Food Aid Roundtable in Tifton, GA
Food Aid Roundtable in Tifton, GA
By Whitney Griggs, CARE’s Southeastern Regional Advocacy Coordinator. CARE held a unique event in Georgia last week to raise awareness that foreign assistance benefits people in the U.S. in many of the same ways it benefits people in developing countries – by providing economic and employment opportunities that help people support families.
Here’s Whitney’s event recap:
We held the roundtable discussion at the University of Georgia Conference Center in Tifton, Georgia for several reasons. One was to provide an opportunity to reengage with Congressman Austin Scott’s (R-GA 8) offices. His former Legislative Director took a learning tour with CARE to Niger in 2016. It was also designed to get all of the parties to the table from Congressman Scott’s district (rural South Georgia) who are involved with sending food overseas.
We brought CARE’s Vice President of Advocacy, David Ray, together with Congressman Austin Scott, Senator Johnny Isakson (R-GA) researchers from USAID and the University of Georgia and Allan Chiyembekeza, Malawi’s Minister of Agriculture, to talk about how U.S. foreign assistance affects the local economy and how food aid can be done better. The UGA students and members of the local agriculture community in our audience were very invested and interested in this topic because the peanuts grown nearby get sent overseas in our USF’s, which are high-calorie nourishment packs.
We kicked the event off by touring the Mana factory with Congressman Scott and his staff along with UGA and USAID researchers. The Mana factory creates nutritional packets for kids in developing countries who are so severely malnourished, they can’t eat regular food. Mana produces an easy-to-administer nutritional supplement made from peanuts grown in the area, with extra vitamins, dairy powder and sugar added in. Three of those a day will save the life of a starving child.
Having Mana in the county is a major economic driver. Peanuts are a major cash crop in Georgia and local peanut producers love this program because they get to sell them their crops. In fact, this year, they’re expecting bumper crops and they’re especially grateful for this market opportunity.
As we toured the factory, we talked about how important it is for the local economy to have that production facility. Mana’s factory is located in Georgia’s second poorest county and it offers stable jobs with health insurance and benefits in a place where few jobs are available. One of the statistics we heard was that, “people are more likely to go to prison in this county than graduate from high school.’

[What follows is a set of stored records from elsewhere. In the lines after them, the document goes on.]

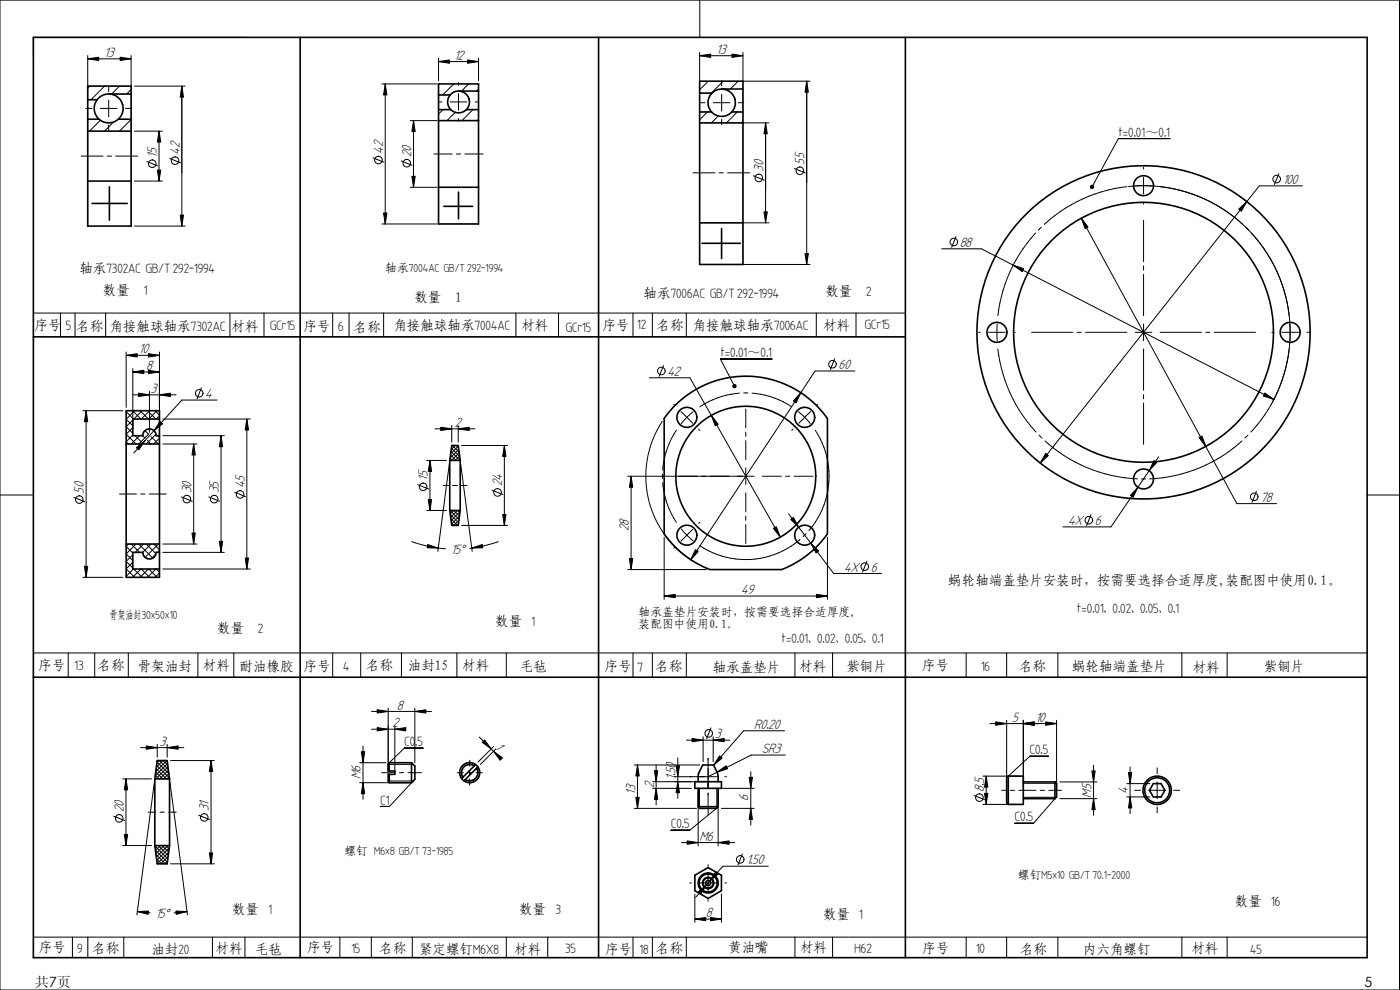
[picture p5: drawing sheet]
<svg xmlns="http://www.w3.org/2000/svg" width="420mm" height="297mm" viewBox="0 0 420 297" stroke-linecap="round" stroke-linejoin="round" font-family="sans-serif">
<g fill="none" stroke="#000" stroke-width=".3">
<path d="M0 0h420v297h-420zM26.3 17.6l3.3-.4v1zM26.3 16.7v9.1M26.3 17.6h13M36 17.2l3.3 .4-3.3 .6zM39.3 16.7v9.1M73.5 11.2h-63.5v5.8M131.6 18.5l3.3-.5v1zM131.6 18.5h12M131.6 17.5v6.7M140.3 18l3.3 .5-3.3 .5zM143.6 17.5v6.7"/>
<path d="M210 16.7l3.3-.5v1zM210 15.7v8.7M210 16.7h13M210 0v11.2M219.7 16.2l3.3 .5-3.3 .5zM223 15.7v8.7h20.1M25.8 32.5h1.8M26.9 25.8l-.6 .6M30.1 36.1l-3.2 3.2M30.1 32.5h5M31.4 25.8l-4.1 4.1M32.6 25.7v1.8"/>
<path d="M32.6 30v5M32.6 37.5v1.9M34.1 36.6l-2.7 2.7M35.9 25.8l-2.4 2.4M37.6 32.5h1.9M39.3 26.9l-1.3 1.3M39.3 35.9l-3.4 3.4M40.3 39.3h8.4M40.3 25.8h15.3M47.7 39.3l.5 3.3h-1zM47.7 39.3v15M54.6 25.8l.5 3.3h-1z"/>
<path d="M54.6 25.8v42M114.6 25.2h16.6M115.6 25.2l.5 3.3h-1zM115.6 25.2v42M123.1 36.2h8.1M124.1 36.2l.5 3.3h-1zM124.1 36.2v20M131.8 30.6h.8M132.9 32.9l-1.3 1.3M135.1 30.6h5M136.2 25.2l-3.3 3.3M136.6 33.7l-2.5 2.5"/>
<path d="M137.6 24.8v.8M137.6 28.1v5M137.6 35.6v.8M140.7 25.2l-2.2 2.1M141.9 32.9l-3.3 3.3M142.6 30.6h.8M143.6 35.7l-.5 .5M143.6 26.7l-.6 .6M210 30.8h1.6M212.3 33.6l-2.3 2.3M212.6 24.4l-2.6 2.5M214.1 30.8h5"/>
<path d="M215.6 34.8l-2.1 2.1M216.6 24.2v1.6M216.6 28.3v5M216.6 35.8v1.6M217 24.4l-3.5 3.5M221.3 33.6l-3.3 3.3M221.5 24.4l-2.3 2.3M221.6 30.8h1.6M223 36.4l-.5 .5M223 36.9h7.8M229.8 36.9l.5 3.2h-1zM229.8 36.9v30"/>
<path d="M242.1 24.4l.5 3.3h-1zM242.1 24.4v55M24.3 46.8h6.6M32.2 46.8h1.3M34.7 46.8h6.6M40.3 54.3h8.4M44.1 48.5l3.2 1.3M47.2 51h1l-.5 3.3zM50.9 47.6l3.3 1.2M112 47.4l3.2 1.3M120.4 48.3l3.3 1.3M123.1 56.2h8.1"/>
<path d="M123.6 52.9h1l-.5 3.3zM130.2 46.2h5.5M137 46.2h1.2M139.5 46.2h5.5M208 51.9h6.6M215.8 51.9h1.3M218.4 51.9h6.6M226.1 52.7l3.3 1.4M238.4 50.6l3.3 1.3M327.4 55.7a.5 .5 0 0 1 .8 .3 .5 .5 0 0 1-.7 .5l.2-.4-.2 .4-.3-.5zM338.2 56a44.3 44.3 0 0 0-24.8 11.3M338.7 55.9a44 44 0 0 1 43.1 64.9"/>
<path d="M340.7 55.8h5M343.2 50.2v.5M343.2 53.2v5M348.2 56a43.9 43.9 0 0 1 24.7 11.3M351.1 41.6h-15.5l-7.9 14.5M383.8 52.1l-1.3 3.2M390.9 55.8h-13l-65.7 83.1M40.3 67.8h15.3M54.1 64.5h1l-.5 3.3zM114.6 67.2h16.6M115.1 63.9h1l-.5 3.3zM223 66.9h7.8"/>
<path d="M223 79.4h20.1M229.3 63.6h1l-.5 3.3zM241.6 76.1h1l-.5 3.3zM282.6 74.7h11.9l87.8 45.2M286.9 71l-1.3 3.2M304.1 79.6l3.1 1-.4 .9zM310.7 70a44.3 44.3 0 0 0-11.2 24.7M312.5 68.2l-.9 .8M324.5 65.5l2 2.6-.8 .5zM324.5 65.5l46.7 85.6h11.9M343.2 60.7v.5M343.2 66.1v12.4"/>
<path d="M343.2 79.8v1.2M371.7 62.8l2.5-2.3-1.7 2.9zM373.8 68.2l.9 .8M375.6 70a44.1 44.1 0 0 1 11.3 24.7M10 93.9h261.7M18.1 93.9v7.2M22.5 93.9v7.2M31.7 93.9v7.2M69 93.9v7.2M79.2 93.9v7.2M99.8 93.9v7.2M104.8 93.9v7.2"/>
<path d="M115.1 93.9v7.2M154.8 93.9v7.2M167.6 93.9v7.2M190 93.9v7.2M195.8 93.9v7.2M206 93.9v7.2M245 93.9v7.2M256.9 93.9v7.2M293.7 99.7h.5M296.7 99.7h5M299.3 97.2v5M304.2 99.7h.5"/>
<path d="M309.6 99.7h12.4M323.2 99.7h1.3M325.8 99.7h12.4M340.7 99.7h5M343.2 82.3v12.4M343.2 97.2v5M348.2 99.7h12.4M361.9 99.7h1.2M364.4 99.7h12.4M381.7 99.7h.5M384.7 99.7h5M387.1 97.2v5"/>
<path d="M392.2 99.7h.5M37.9 106.6l3.3-.5v1zM37.9 105.6v16.6M37.9 106.6h10M39.9 111.6l3.3-.5v1zM39.9 111.6h8M39.9 110.6v18M39.9 118.5h13M41.6 118l3.3 .5-3.3 .5zM44.6 111.1l3.3 .5-3.3 .5zM44.6 106.1l3.3 .5-3.3 .5zM44.9 117.5v12.2"/>
<path d="M47.9 118.5l3.3-.5v1zM47.9 105.6v41.6M60.5 116.4l-1.4 3.2M194.9 113.3h12.2l27.1 47.9M199.1 109.7l-1.3 3.2M220 115.5a.5 .5 0 0 1 .8 0 .5 .5 0 0 1-.1 .8l-.3-.5 .3 .5-.6-.1-.2-.3zM221.9 118a24.8 24.8 0 0 0-11.9 4.1M223.2 117.9h1.3M225.7 118a25 25 0 0 1 11.9 4.1M231.6 107.7h-15.4l4.2 8.1M240.3 117.9l-1.4 3-.8-.6zM250.5 107.7l-1.3 3.2"/>
<path d="M256.5 111.3h-11.9l-37.3 56.7M299.5 104.7a43.9 43.9 0 0 0 11.4 24.9M343.2 104.7v12.4M343.2 118.4v1.3M379.6 117.9l2.7 2-3.2-1.1zM386.9 104.7a43.8 43.8 0 0 1-11.5 24.9M24.8 123.2h12.1M25.8 123.2l.5 3.3h-1zM25.8 123.2v50M38.2 123.2l-.3 .3 2.1 2.2M39.8 123.2l2.5 2.5M39.9 126l-2 2 2 2"/>
<path d="M39.9 128.3l-2 2 2.9 2.9M39.9 130.5l-2 2 .7 .7M40.4 123.2l-2.5 2.6 2 2M40.6 130.7l1.9 1.9M40.9 134.3l2.6-2.1-1.8 2.8zM41.9 130.7l-2.5 2.5M42 123.2l2.5 2.5M42.7 123.2l-2.5 2.5M42.8 130.7l.7 .7M43.5 129.2l1.1 1.1M44.2 132.2l1.1 1M44.3 123.2l2.5 2.5"/>
<path d="M44.7 130.2l-3.1 3M44.9 123.2l-2.5 2.5M45.3 131l2.3 2.2M46.5 123.2l1.4 1.3M46.7 130.4l-2.8 2.8M47.1 123.2l-2.5 2.5M47.3 130.7l.6 .6M47.9 124.8l-1 .9M47.9 131.5l-1.8 1.7M48 126.5l.8 .6-2.6 2.1zM48.9 133.2h10.2M48.9 130.7h18.4"/>
<path d="M48.9 125.7h26.2M58.1 133.2l.5 3.3h-1zM58.1 133.2v30M65.1 120h-10.5l-14.4 15.9M66.3 130.7l.5 3.3h-1zM66.3 130.7v35M74.1 125.7l.5 3.3h-1zM74.1 125.7v45M128 138.2h6M129 138.2l.5 3.3h-1zM129 138.2v15M130.6 128.7h11.9"/>
<path d="M132.3 128.2l3.3 .5-3.3 .5zM134.9 139.1l-3.5 26.3M135.2 136.5l1.7 1.7M135.3 135.5l2.7 2.7M135.5 134.5l2.5 2.5M135.6 127.7v4.9M135.8 133.7l2 2M136.6 133.7l-1.2 1.1M136.9 133.7l.7 .7M137.5 128.7l3.3-.5v1zM137.5 127.7v4.9M137.5 133.9l-2.2 2.2"/>
<path d="M137.7 134.8l-2.6 2.6 .7 .8M137.8 135.8l-2.3 2.4M137.9 136.8l-1.3 1.4M138.1 137.8l-.4 .4M138.2 139.1l3.5 26.3M138.5 133.7h13.9M151.4 133.7l.4 3.2h-.9zM151.4 133.7v23.9M198.8 126.4a30 30 0 0 0 9.4 42.1M202.2 121.3l.4 .4M203 129.1a24.9 24.9 0 0 0-4.1 11.9M204.4 123.5l1.7 1.7"/>
<path d="M206.1 125.2l-1.6 1.9M206.1 125.2l1.8 1.8M208 123.5l-1.9 1.7M209.7 128.8l.3 .3M213.5 124.6l2 2.7-.8 .5zM223.8 122.7v5.7M223.8 129.7v1.2M223.8 132.2v5.7M238 128.8l-.4 .3M239.6 123.5l1.9 1.7M241.5 125.2l1.7 1.9M241.5 125.2l-1.8 1.8"/>
<path d="M243.3 123.5l-1.8 1.7M244.7 129.1a25 25 0 0 1-1.9 30.1M245.4 121.3l-.4 .4M311.8 130.6l.9 .8M313.6 132.3a43.9 43.9 0 0 0 27.7 11.4M313.8 136l.8 .7-2.4 2.2zM343.2 120.9v12.4M346.3 138.2l.9 .6-2.3 2.4zM347.7 137.1l-14.3 21h-14.4M359.8 131.3l.9-.5 1.2 3.2zM372.7 132.3a43.9 43.9 0 0 1-27.6 11.4M374.5 130.6l-.9 .8"/>
<path d="M0 148.5h10M22.2 149.2l3.2 1.4M35.9 148.2h5.1M42.2 148.2h1.3M44.8 148.2h5.1M54.5 149.1l3.2 1.3M57.6 159.9h1l-.5 3.3zM62.7 149.1l3.2 1.3M70.4 147.7l3.3 1.3M125.4 145.4l3.2 1.3M128 153.2h6M128.5 149.9h1l-.5 3.3z"/>
<path d="M133 145.7h1.6M135 153.2l2.8 2.6M135.1 154.2l1.1-1 1.7 1.7-2.4 2.3M135.1 154.3l2.5 2.5M135.3 155.6l2 2 .3-.2M135.9 145.7h1.3M137.7 156.1l-1.5 1.5-.7-.7M138 153.9l-.7-.7-2 2M138.1 153.5l-2.7 2.7M138.5 145.7h1.6M138.5 157.6h13.9M147.7 147.1l3.2 1.3"/>
<path d="M150.9 154.4h.9l-.4 3.2zM188.4 142.9h37.9M189.4 142.9l.5 3.3h-1zM189.4 142.9v28M198.8 142.3v1.2M198.9 144.8a25 25 0 0 0 4.1 11.9M204.5 158.7l3.5 3.6M207.9 158.8l-3.5 3.5M210 156.7l-.3 .3M223.8 140.4v5M223.8 147.9v5.7M223.8 154.9v1.2"/>
<path d="M223.8 157.4v5.7M228.8 142.9h5.7M232.1 158.5l.9-.5 1.2 3.2zM235.8 142.9h1.2M236.7 154.2l13.5 17.9h14.4M237.3 155.8l.8-.5 1.6 2.9zM238.3 142.9h5.7M327.4 154.4l-1.3 3.3M341.5 146.2l-1.4 3-.9-.5zM342.5 143.7h1.3M377.1 147.4l-1.3 3.3M410.3 148.5h9.7"/>
<path d="M24.8 173.2h12.1M25.3 169.9h1l-.5 3.3zM38.6 163.2l-.7 .7 2 2M39.4 163.2l2.5 2.5M39.9 166.4l-2 2 2 2M39.9 168.7l-2 2 2.5 2.5M40 170.7l-2.1 2.2 .3 .3M40.2 170.7l2.5 2.5M40.8 163.2l-2.9 3 2 2M41.6 163.2l4.3 4.3M42.3 170.7l-2.5 2.5M42.4 170.7l2.5 2.5"/>
<path d="M43.1 163.2l-2.5 2.5M43.9 163.2l2.9 3M44.5 170.7l-2.5 2.5M44.6 170.7l2.5 2.5M45.3 163.2l-2.5 2.5M46.1 163.2l1.8 1.8M46.8 166.2l-1.4 1.5M46.8 170.7l-2.5 2.5M46.9 170.7l1 1M47.6 163.2l-4.1 4M47.9 165.2l-.6 .5M47.9 171.9l-1.4 1.3"/>
<path d="M48.9 163.2h10.2M48.9 165.7h18.4M48.9 170.7h26.2M65.8 162.4h1l-.5 3.3zM73.6 167.4h1l-.5 3.3zM123.6 162.5a37 37 0 0 0 10.1 2.2M128.4 163.4l3.1 1h-3.3zM141.6 164.4l3.1-1 .2 1zM149.5 162.5l-4.9 1.4-3.7 .6M188.4 170.9h23.6M188.9 167.6h1l-.5 3.3zM199.3 178.8l3.3-.5v1z"/>
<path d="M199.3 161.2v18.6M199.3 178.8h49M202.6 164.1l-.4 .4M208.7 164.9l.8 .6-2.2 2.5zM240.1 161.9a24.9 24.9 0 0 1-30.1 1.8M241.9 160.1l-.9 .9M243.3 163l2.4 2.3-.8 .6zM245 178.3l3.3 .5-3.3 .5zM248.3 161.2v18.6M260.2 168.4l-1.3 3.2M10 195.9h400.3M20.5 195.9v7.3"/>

We continued the conversation later at our panel discussion, which included Senator Isakson and stakeholders from UGA and USAID. We talked about why the peanuts in this supplement have to come from America. We learned that they actually have perfect peanut-growing soil in many parts of Africa but salmonella, cytotoxins and mytotoxins also grow in their soil and are a huge health concern with peanuts. Farmers in Africa don’t currently have the ability to control those potentially disease-producing organisms the way they can in Georgia. And until they’re able to produce peanuts for themselves safely, they have to depend on foreign assistance for this and other basic but critical foodstuffs.
We talked about approaching food aid with a whole-of-government approach that involves different government agencies, NGOs and research universities in the creation of more sustainable food aid. David Ray offered the Global Food Security Act as a great example of this whole-of-government approach, which is ultimately creating more security for growth in smaller African markets.
We also talked about how NGOs need to work together instead of competing for long-term food aid dollars. We discussed why it’s important to include the private sector and large research facilities in food aid programming because including more stakeholders and expertise means we’ll get food to hungry people faster. It also means we’ll increase profitability and market access for American businesses and research opportunities for American universities that could eventually help us teach people to grow their own food.
The overarching goal of the event was to show the impact that food aid and foreign assistance have both domestically and around the world, which is something Senator Isakson has been very outspoken about. He commented during our discussion that ‘this Administration’ wants to cut foreign assistance and that he wasn’t going to let that happen because he sees how important ‘soft power’ is.
The impact of U.S. foreign assistance’s “soft power” can be felt in small factories like Mana in South Georgia, in food aid programs in Africa and in the survival of children in developing countries around the world. The challenge now is in sharing that message on Capitol Hill and making sure foreign assistance gets the funding it needs.